Nigeria’s consumer banking viable as ID theft drops, says Citigroup
The U.S. lender is “looking at” rolling out consumer banking in Nigeria because individuals dealing with banks in the continent’s biggest economy are increasingly “who they say they are,” the Chief Executive Officer of Citibank Nigeria Ltd., Akinsowon Dawodu, said in an interview.
Akinsowon pointed out that a lack of security around identification has been an impediment to personal banking in the country in the past.
The Central Bank of Nigeria has stepped up biometric number scheme, requiring customers to provide fingerprint identification, a system it started introducing with commercial lenders in February 2014.
A deadline for customers to get bank verification numbers has been extended to October 31, so that Nigerians living abroad can enroll, with non-compliance leading to loss of access to the customers’ respective accounts.

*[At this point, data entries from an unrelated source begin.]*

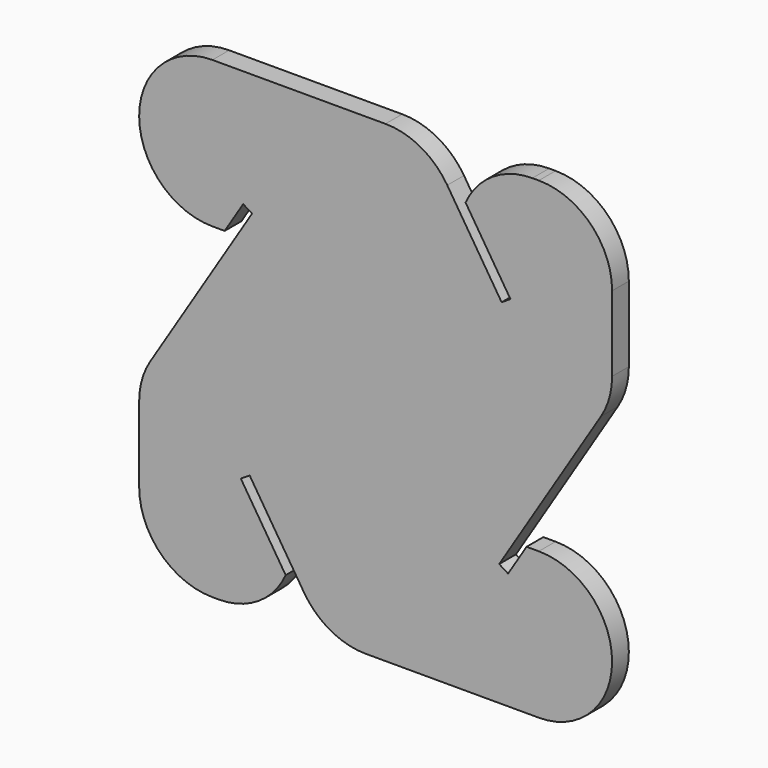
from build123d import *

# Parameters (mm, degrees)
F1_DEPTH     = 100
F2_T1_DEPTH  = 1850
F2_T3_DEPTH  = 1695.9707417334
F2_T5_DEPTH  = 1695.9706144549
F2_T7_DEPTH  = 601.1121280065
F2_T9_DEPTH  = 1060.1512237757
F2_T11_DEPTH = 601.1120863274
F2_T13_DEPTH = 1060.1510758761


# Not quite as in the source:
# - a fillet or chamfer that OpenCascade refuses, or shapes differently, is made with other operations: its cross-section is extruded or revolved along the edge and cut away or added


with BuildPart() as f1:
    # F0 (on Front) → F1 (new body)
    with BuildSketch(Plane.XZ):
        Polygon((1129.7543572, 319.6687281531), (1129.7543572, 1129.7543953), (429.7543572, 1129.7543953), (429.7543572, 923.3339748412), (644.069888311, 586.8814977509), (601.898706638, 560.0190437248), (238.9852410529, 1129.7543953), (-1129.7543572, 1129.7543953), (-1129.7543572, 429.7543953), (-721.1567962335, 429.7543953), (-632.764270148, 571.4424256952), (-590.342503852, 544.9774725622), (-1129.7543572, -319.6680631783), (-1129.7543572, -1129.7543953), (-429.7543572, -1129.7543953), (-429.7543572, -923.3340314322), (-644.0698939815, -586.8814489736), (-601.8987088185, -560.0190004264), (-238.9853197059, -1129.7543953), (1129.7543572, -1129.7543953), (1129.7543572, -429.7543953), (721.156425601, -429.7543953), (632.7643072985, -571.4417859327), (590.3425398375, -544.9768346673), align=None)
    extrude(amount=F1_DEPTH)

    # F2: fillet of radius 350 on 12 edges, made by hand

    # F2_s2 → F2_t1 (cut)
    with BuildSketch(Plane.XZ.offset(-875)):
        with BuildLine():
            ThreePointArc((1129.7543572, 779.7543953), (1027.2417306153, 1027.2417687153), (779.7543572, 1129.7543953))
            Line((779.7543572, 1129.7543953), (1129.7543572, 1129.7543953))
            Line((1129.7543572, 1129.7543953), (1129.7543572, 779.7543953))
        make_face()
        with BuildLine():
            ThreePointArc((-779.7543572, 1129.7543953), (-1027.2417306153, 1027.2417687153), (-1129.7543572, 779.7543953))
            Line((-1129.7543572, 779.7543953), (-1129.7543572, 1129.7543953))
            Line((-1129.7543572, 1129.7543953), (-779.7543572, 1129.7543953))
        make_face()
        with BuildLine():
            ThreePointArc((-1129.7543572, 779.7543953), (-1027.2417306153, 532.2670218847), (-779.7543572, 429.7543953))
            Line((-779.7543572, 429.7543953), (-1129.7543572, 429.7543953))
            Line((-1129.7543572, 429.7543953), (-1129.7543572, 779.7543953))
        make_face()
        with BuildLine():
            ThreePointArc((-1129.7543572, -779.7543953), (-1027.2417306153, -1027.2417687153), (-779.7543572, -1129.7543953))
            Line((-779.7543572, -1129.7543953), (-1129.7543572, -1129.7543953))
            Line((-1129.7543572, -1129.7543953), (-1129.7543572, -779.7543953))
        make_face()
        with BuildLine():
            ThreePointArc((1129.7543572, -779.7543953), (1027.2417306153, -1027.2417687153), (779.7543572, -1129.7543953))
            Line((779.7543572, -1129.7543953), (1129.7543572, -1129.7543953))
            Line((1129.7543572, -1129.7543953), (1129.7543572, -779.7543953))
        make_face()
        with BuildLine():
            ThreePointArc((1129.7543572, -779.7543953), (1027.2417306153, -532.2670218847), (779.7543572, -429.7543953))
            Line((779.7543572, -429.7543953), (1129.7543572, -429.7543953))
            Line((1129.7543572, -429.7543953), (1129.7543572, -779.7543953))
        make_face()
    extrude(amount=F2_T1_DEPTH, mode=Mode.SUBTRACT)

    # F2_s4 → F2_t3 (cut)
    with BuildSketch(Plane.XZ.offset(-797.9853708667)):
        with BuildLine():
            ThreePointArc((748.9485055467, 1129.7543953), (558.8864799332, 1073.653062224), (429.7543572, 923.3339748412))
            Line((429.7543572, 923.3339748412), (429.7543572, 1129.7543953))
            Line((429.7543572, 1129.7543953), (748.9485055467, 1129.7543953))
        make_face()
    extrude(amount=F2_T3_DEPTH, mode=Mode.SUBTRACT)

    # F2_s6 → F2_t5 (cut)
    with BuildSketch(Plane.XZ.offset(-797.9853072275)):
        with BuildLine():
            ThreePointArc((-748.948480091, -1129.7543953), (-558.8864805307, -1073.6530790724), (-429.7543572, -923.3340314322))
            Line((-429.7543572, -923.3340314322), (-429.7543572, -1129.7543953))
            Line((-429.7543572, -1129.7543953), (-748.948480091, -1129.7543953))
        make_face()
    extrude(amount=F2_T5_DEPTH, mode=Mode.SUBTRACT)

    # F2_s8 → F2_t7 (cut)
    with BuildSketch(Plane.XZ.offset(-250.5560640033)):
        with BuildLine():
            ThreePointArc((-1076.7067212718, -234.6358168488), (-1116.2311969863, -323.5404172309), (-1129.7543572, -419.8904887796))
            Line((-1129.7543572, -419.8904887796), (-1129.7543572, -319.6680631783))
            Line((-1129.7543572, -319.6680631783), (-1076.7067212718, -234.6358168488))
        make_face()
    extrude(amount=F2_T7_DEPTH, mode=Mode.SUBTRACT)

    # F2_s10 → F2_t9 (cut)
    with BuildSketch(Plane.XZ.offset(-480.0756118878)):
        with BuildLine():
            ThreePointArc((-342.1533710911, -967.7915351311), (-215.310355621, -1086.6037059892), (-46.9550749508, -1129.7543953))
            Line((-46.9550749508, -1129.7543953), (-238.9853197059, -1129.7543953))
            Line((-238.9853197059, -1129.7543953), (-342.1533710911, -967.7915351311))
        make_face()
    extrude(amount=F2_T9_DEPTH, mode=Mode.SUBTRACT)

    # F2_s12 → F2_t11 (cut)
    with BuildSketch(Plane.XZ.offset(-250.5560431637)):
        with BuildLine():
            ThreePointArc((1076.7067294274, 234.6364865607), (1116.2311991071, 323.5410812763), (1129.7543572, 419.8911454186))
            Line((1129.7543572, 419.8911454186), (1129.7543572, 319.6687281531))
            Line((1129.7543572, 319.6687281531), (1076.7067294274, 234.6364865607))
        make_face()
    extrude(amount=F2_T11_DEPTH, mode=Mode.SUBTRACT)

    # F2_s14 → F2_t13 (cut)
    with BuildSketch(Plane.XZ.offset(-480.0755379381)):
        with BuildLine():
            ThreePointArc((342.1532975884, 967.791573483), (215.3102866151, 1086.6037169255), (46.9550258777, 1129.7543953))
            Line((46.9550258777, 1129.7543953), (238.9852410529, 1129.7543953))
            Line((238.9852410529, 1129.7543953), (342.1532975884, 967.791573483))
        make_face()
    extrude(amount=F2_T13_DEPTH, mode=Mode.SUBTRACT)


solid = f1.part
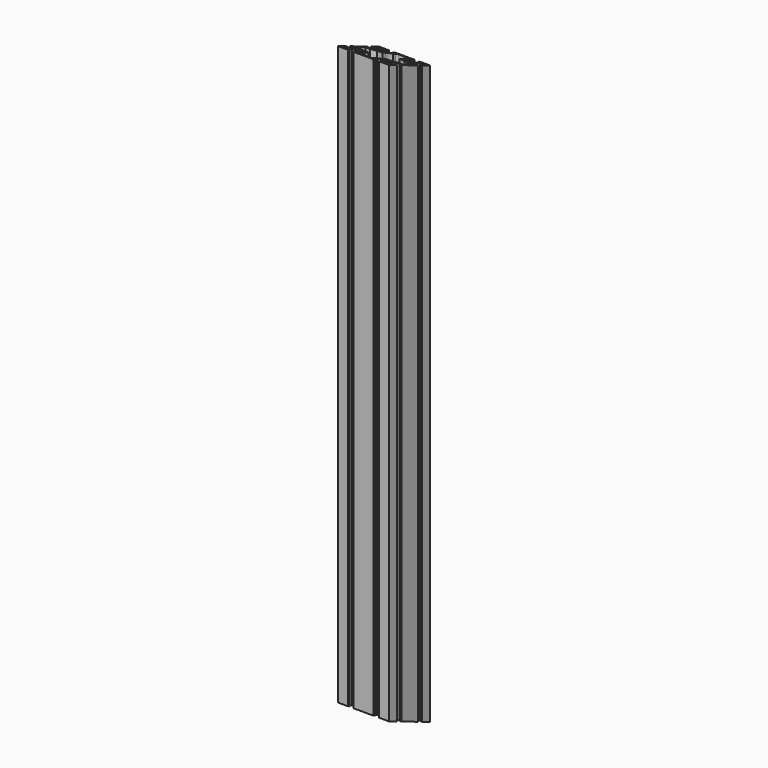
from build123d import *

# Parameters (mm, degrees)
F0_R          = 3
F0_R_2        = 2.5
F1_DEPTH      = 700
F2_R          = 2
F3_R          = 7
F6_DEPTH      = 30
F6_DEPTH_BACK = 30


# Not quite as in the source:
# - a feature names something its author has since deleted; it is built from what else it names


with BuildPart() as f1:
    # F0 (on Top) → F1 (new body)
    with BuildSketch(Plane.XY):
        with BuildLine():
            Line((18.15, -30), (30, -30))
            Line((30, -30), (30, -18.15))
            Line((30, -18.15), (27.5, -18.15))
            Line((27.5, -18.15), (27.5, -20.15))
            Line((27.5, -20.15), (21.5477069044, -20.15))
            ThreePointArc((21.5477069044, -20.15), (19.5, -15), (21.5477069044, -9.85))
            Line((21.5477069044, -9.85), (27.5, -9.85))
            Line((27.5, -9.85), (27.5, -11.85))
            Line((27.5, -11.85), (30, -11.85))
            Line((30, -11.85), (30, 11.85))
            Line((30, 11.85), (27.5, 11.85))
            Line((27.5, 11.85), (27.5, 9.85))
            Line((27.5, 9.85), (21.5477069044, 9.85))
            ThreePointArc((21.5477069044, 9.85), (19.5, 15), (21.5477069044, 20.15))
            Line((21.5477069044, 20.15), (27.5, 20.15))
            Line((27.5, 20.15), (27.5, 18.15))
            Line((27.5, 18.15), (30, 18.15))
            Line((30, 18.15), (30, 30))
            Line((30, 30), (18.15, 30))
            Line((18.15, 30), (18.15, 27.5))
            Line((18.15, 27.5), (20.15, 27.5))
            Line((20.15, 27.5), (20.15, 21.5477069044))
            ThreePointArc((20.15, 21.5477069044), (15, 19.5), (9.85, 21.5477069044))
            Line((9.85, 21.5477069044), (9.85, 27.5))
            Line((9.85, 27.5), (11.85, 27.5))
            Line((11.85, 27.5), (11.85, 30))
            Line((11.85, 30), (-11.85, 30))
            Line((-11.85, 30), (-11.85, 27.5))
            Line((-11.85, 27.5), (-9.85, 27.5))
            Line((-9.85, 27.5), (-9.85, 21.5477069044))
            ThreePointArc((-9.85, 21.5477069044), (-15, 19.5), (-20.15, 21.5477069044))
            Line((-20.15, 21.5477069044), (-20.15, 27.5))
            Line((-20.15, 27.5), (-18.15, 27.5))
            Line((-18.15, 27.5), (-18.15, 30))
            Line((-18.15, 30), (-30, 30))
            Line((-30, 30), (-30, 18.15))
            Line((-30, 18.15), (-27.5, 18.15))
            Line((-27.5, 18.15), (-27.5, 20.15))
            Line((-27.5, 20.15), (-21.5477069044, 20.15))
            ThreePointArc((-21.5477069044, 20.15), (-19.5, 15), (-21.5477069044, 9.85))
            Line((-21.5477069044, 9.85), (-27.5, 9.85))
            Line((-27.5, 9.85), (-27.5, 11.85))
            Line((-27.5, 11.85), (-30, 11.85))
            Line((-30, 11.85), (-30, -11.85))
            Line((-30, -11.85), (-27.5, -11.85))
            Line((-27.5, -11.85), (-27.5, -9.85))
            Line((-27.5, -9.85), (-21.5477069044, -9.85))
            ThreePointArc((-21.5477069044, -9.85), (-19.5, -15), (-21.5477069044, -20.15))
            Line((-21.5477069044, -20.15), (-27.5, -20.15))
            Line((-27.5, -20.15), (-27.5, -18.15))
            Line((-27.5, -18.15), (-30, -18.15))
            Line((-30, -18.15), (-30, -30))
            Line((-30, -30), (-18.15, -30))
            Line((-18.15, -30), (-18.15, -27.5))
            Line((-18.15, -27.5), (-20.15, -27.5))
            Line((-20.15, -27.5), (-20.15, -21.5477069044))
            ThreePointArc((-20.15, -21.5477069044), (-15, -19.5), (-9.85, -21.5477069044))
            Line((-9.85, -21.5477069044), (-9.85, -27.5))
            Line((-9.85, -27.5), (-11.85, -27.5))
            Line((-11.85, -27.5), (-11.85, -30))
            Line((-11.85, -30), (11.85, -30))
            Line((11.85, -30), (11.85, -27.5))
            Line((11.85, -27.5), (9.85, -27.5))
            Line((9.85, -27.5), (9.85, -21.5477069044))
            ThreePointArc((9.85, -21.5477069044), (15, -19.5), (20.15, -21.5477069044))
            Line((20.15, -21.5477069044), (20.15, -27.5))
            Line((20.15, -27.5), (18.15, -27.5))
            Line((18.15, -27.5), (18.15, -30))
        make_face()
        with Locations((-25, -25)):
            Circle(F0_R, mode=Mode.SUBTRACT)
        with Locations((-15, -15)):
            Circle(F0_R_2, mode=Mode.SUBTRACT)
        with Locations((25, -25)):
            Circle(F0_R, mode=Mode.SUBTRACT)
        with Locations((15, -15)):
            Circle(F0_R_2, mode=Mode.SUBTRACT)
        with Locations((-25, 25)):
            Circle(F0_R, mode=Mode.SUBTRACT)
        with Locations((-15, 15)):
            Circle(F0_R_2, mode=Mode.SUBTRACT)
        Polygon((-7, 22), (-7, 27.5), (0, 27.5), (7, 27.5), (7, 22), (10, 16), (10, 10), (16, 10), (22, 7), (27.5, 7), (27.5, 0), (27.5, -7), (22, -7), (16, -10), (10, -10), (10, -16), (7, -22), (7, -27.5), (0, -27.5), (-7, -27.5), (-7, -22), (-10, -16), (-10, -10), (-16, -10), (-22, -7), (-27.5, -7), (-27.5, 0), (-27.5, 7), (-22, 7), (-16, 10), (-10, 10), (-10, 16), align=None, mode=Mode.SUBTRACT)
        with Locations((15, 15)):
            Circle(F0_R_2, mode=Mode.SUBTRACT)
        with Locations((25, 25)):
            Circle(F0_R, mode=Mode.SUBTRACT)
    extrude(amount=F1_DEPTH)

    # F2
    f2_edges = [f1.edges().sort_by_distance(p)[0] for p in [
        (-7, 27.5, 350),
        (7, 27.5, 350),
    ]]
    fillet(f2_edges, radius=F2_R)

    # F3
    f3_edges = [f1.edges().sort_by_distance(p)[0] for p in [
        (-10, 16, 350),
        (10, 16, 350),
    ]]
    fillet(f3_edges, radius=F3_R)

    # F5 (on Right) → F6 (cut, two sides)
    with BuildSketch(Plane.YZ) as f6_sk:
        Polygon((30, 0), (-73.1568263622, 42.7289565306), (-138.818297568, -115.7918577799), (-35.6614712058, -158.5208143105), align=None)
        Polygon((194.2250905883, 866.574744896), (61.7300701058, 921.4559793268), (-30, 700), (102.4950204826, 645.1187655692), align=None)
    extrude(amount=F6_DEPTH, mode=Mode.SUBTRACT)
    extrude(f6_sk.sketch, amount=-F6_DEPTH_BACK, mode=Mode.SUBTRACT)


solid = f1.part
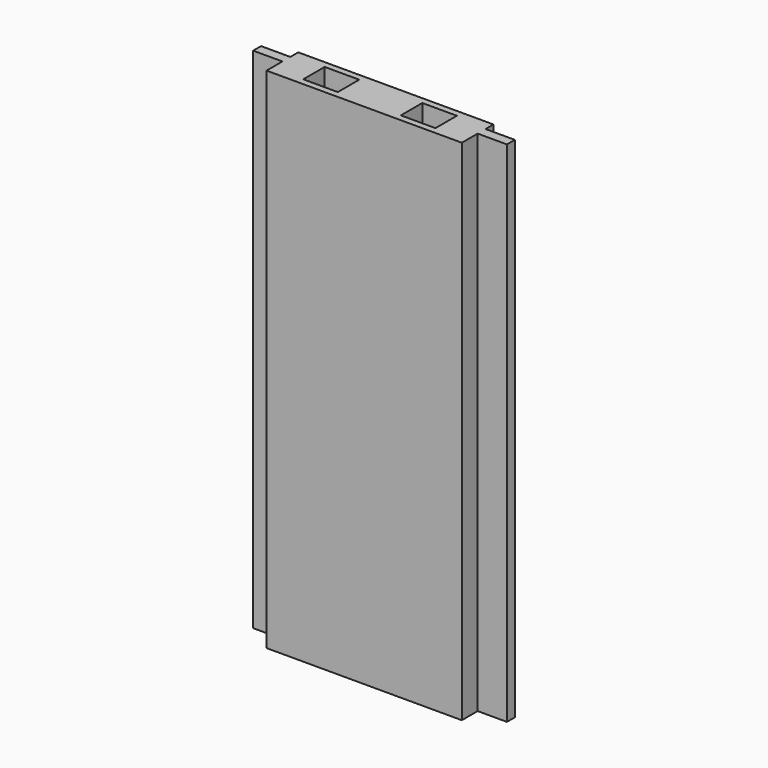
from build123d import *

# Parameters (mm, degrees)
F0_W     = 2.2499504322
F0_H     = 1.7434554408
F1_DEPTH = 1.1348915286
F3_DEPTH = 1.8342579715
F4_DEPTH = 33.0712201539


# Not quite as in the source:
# - the program builds the solid bodies; features that only make, move or delete a surface that nothing else refers to are left out


with BuildPart() as f1:
    # F0 (on Top) → F1 (new body)
    with BuildSketch(Plane.XY):
        Polygon((6.35, 1.2873262627), (-6.35, 1.2873262627), (-6.35, 0.6436631313), (-8.2549656289, 0.6436631313), (-8.2549656289, 0), (-6.35, 0), (-6.35, -1.2873262627), (6.35, -1.2873262627), (6.35, 0), (8.2549656289, 0), (8.2549656289, 0.6436631313), (6.35, 0.6436631313), align=None)
        with Locations((3.175, 0)):
            Rectangle(F0_W, F0_H, mode=Mode.SUBTRACT)
        with Locations((-3.175, 0)):
            Rectangle(F0_W, F0_H, mode=Mode.SUBTRACT)
    extrude(amount=F1_DEPTH)

    # F0 (on Top) → F3 (join)
    with BuildSketch(Plane.XY):
        with Locations((-3.175, 0)):
            Rectangle(F0_W, F0_H)
    extrude(amount=F3_DEPTH)

    # F0 (on Top) → F4 (join)
    with BuildSketch(Plane.XY):
        Polygon((6.35, 1.2873262627), (-6.35, 1.2873262627), (-6.35, 0.6436631313), (-8.2549656289, 0.6436631313), (-8.2549656289, 0), (-6.35, 0), (-6.35, -1.2873262627), (6.35, -1.2873262627), (6.35, 0), (8.2549656289, 0), (8.2549656289, 0.6436631313), (6.35, 0.6436631313), align=None)
        with Locations((3.175, 0)):
            Rectangle(F0_W, F0_H, mode=Mode.SUBTRACT)
        with Locations((-3.175, 0)):
            Rectangle(F0_W, F0_H, mode=Mode.SUBTRACT)
    extrude(amount=F4_DEPTH)


solid = f1.part

The system, combined with a growing network of credit bureaus that collect information on customers, “makes the consumer proposition fairly viable for an organization like ourselves. We are looking at the opportunities in that space,” Dawodu said.
An entry into consumer banking would enable Citigroup to market products like personal loans and mortgages in the West African nation of 170 million people, where the New York-based bank already provides corporate banking services.
The economy in Nigeria, Africa’s biggest oil producer, is forecast by the government to grow 3.9 percent this year.